…なに、この巨人兵。ひくひくと引き攣る頬に自分でも笑いが込み上げてきた。のそ、と身体を揺らした巨人兵(仮)は私を視界に入れるや「だれ?」とだるそうな声でそう言った。
「や、あんたこそ誰。て言うかそこ私の特等席なんだけど」
「そんなん知らない。先ん取ったの俺だしー」
「先とかガキか」
呆れたように笑うと、それが癪に触ったのか巨人兵(仮)は横になっていた身体を起こして私を見下ろした。こ、こいつ…アホ峰より高い、だと…!?
「ほんと、なにお前。すんげーむかつく」
「そ、それこっちの台詞なんだけど。背が高いからってなんだっつーの」
「はあ?」
一段と鋭くなった目が私を射抜く。たらりと冷や汗が背中を伝うのがわかった。今更逃げられないだろうなあと内心苦笑いしつつも睨み付けるのはやめない。
お互いに睨み合うこと約数分、そろそろ疲れてきた頃にカンカンと鉄の音がして、「みょうじ?居んのか?」と青峰がひょっこりと顔を出した。
「峰ちん…?」
「青峰おっそい!何してたのあんた!」
「さつきに捕まってたんだよ。…って、紫原じゃねーか」
怪訝な顔で紫原、と呼んだ巨人兵(仮)さんを見上げると、青峰は何してんのお前と続けた。
「日向ぼっこしてただけ」
「日向ぼっこって…」
「ねー峰ちん、こいつ知り合い?」
「あー…まあそうだな」
「ねえ青峰」
「あ?」
「この巨人兵(仮)だれ」
「きょし…紫原だよ。俺と同じバスケ部の。お前知らねえのか?俺らとタメで2m越えてんのこいつぐらいだぜ?」
「……なんか、いろいろおかしいよね」
紫原くんはだるそうな目を少しだけ丸くして、ひょい、と私の顔を覗き込むように屈んだ。じろじろ、じろじろ、と品定めするように見られて軽く居心地が悪い。
「…ふーん」
「えっと、紫原、くん?」
「なにー?」
「さっきはごめんね。お詫びに青峰から貰ったぐしゃぐしゃの飴あげる」
「やんのかよ」
「……」
文句を垂れる青峰を無視してはい、と飴玉を差し出すと、無言で取られた。手でかいなあと飴を口へ運ぶまで見届けると、紫原くんはポケットを漁ってはい、と私に差し出した。
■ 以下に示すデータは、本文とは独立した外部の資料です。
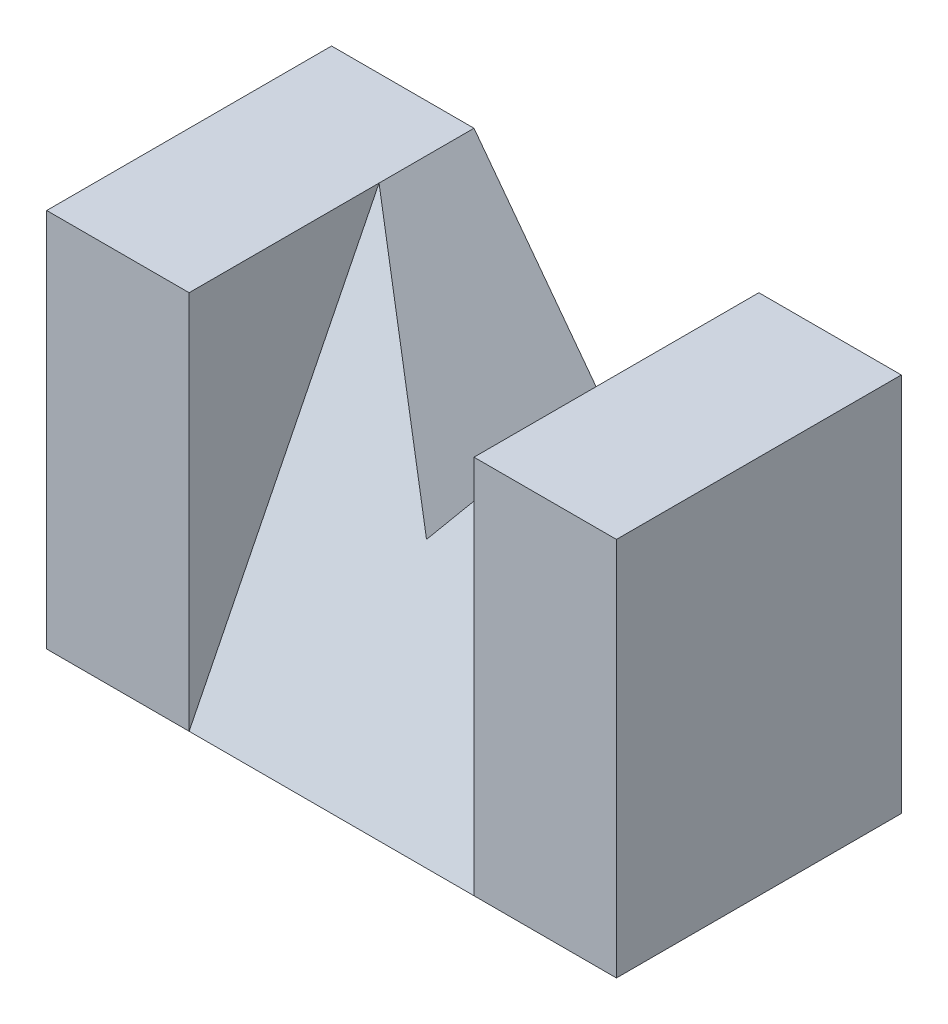
from build123d import *

# Parameters (mm, degrees)
SKETCH_1_W          = 60
SKETCH_1_H          = 30
EXTRUDE_1_DEPTH     = 40
CUT_EXTRUDE_1_DEPTH = 59.309518948
CUT_EXTRUDE_2_DEPTH = 15


with BuildPart() as part:
    # 草圖1 → 填料-伸長1 (new body)
    with BuildSketch(Plane(origin=(0, 0, 0), x_dir=(1, 0, 0), z_dir=(0, 1, 0))):
        with Locations((0, 15)):
            Rectangle(SKETCH_1_W, SKETCH_1_H)
    extrude(amount=EXTRUDE_1_DEPTH)

    # 草圖3 → 除料-伸長1 (cut, through all)
    with BuildSketch(Plane.XY):
        Polygon((-15, 40), (0, 20), (15, 40), align=None)
    extrude(amount=-CUT_EXTRUDE_1_DEPTH, mode=Mode.SUBTRACT)

    # 草圖4 → 除料-伸長2 (cut, symmetric)
    with BuildSketch(Plane(origin=(0, 0, 0), x_dir=(0, 0, -1), z_dir=(1, 0, 0))):
        Polygon((0, 40), (20, 40), (0, 0), align=None)
    extrude(amount=CUT_EXTRUDE_2_DEPTH, both=True, mode=Mode.SUBTRACT)


solid = part.part

「お礼にまいう棒あげる〜。峰ちんの飴地味にうまかったし」
「あ、ありがとう。私まいう棒好きなんだよね」
「ホント〜?じゃあまたあげるよ〜」
「紫原くんかわいいね。最初巨人兵みたくて怖かったよ」
「巨人兵って俺初めて言われたし。あ、ねえねえこの後空いてる?」
「うん、空いてるけど」
「黄瀬ちんからケーキバイキングの割引券貰ったんだよね。一緒に行かないー?」
「行く。行きます」
「なまえちんノリいいねー」
「あれ何で名前知ってんの?」
「さあね〜」
「紫原くんほんとかわいいね。頭撫でたい」
「撫でて撫でて」
「よしよし」
紫原くんときゃいきゃい言いながら歩き出した私は背後で呆然と立ち尽くす青峰を本気で忘れていたなんてその時は知りもしなかったのである。
「……いい加減あいつ犯すか」
ただ悪寒がしたのは気のせいではない筈だ。とりあえず紫原くんかわいいからどうでもいい。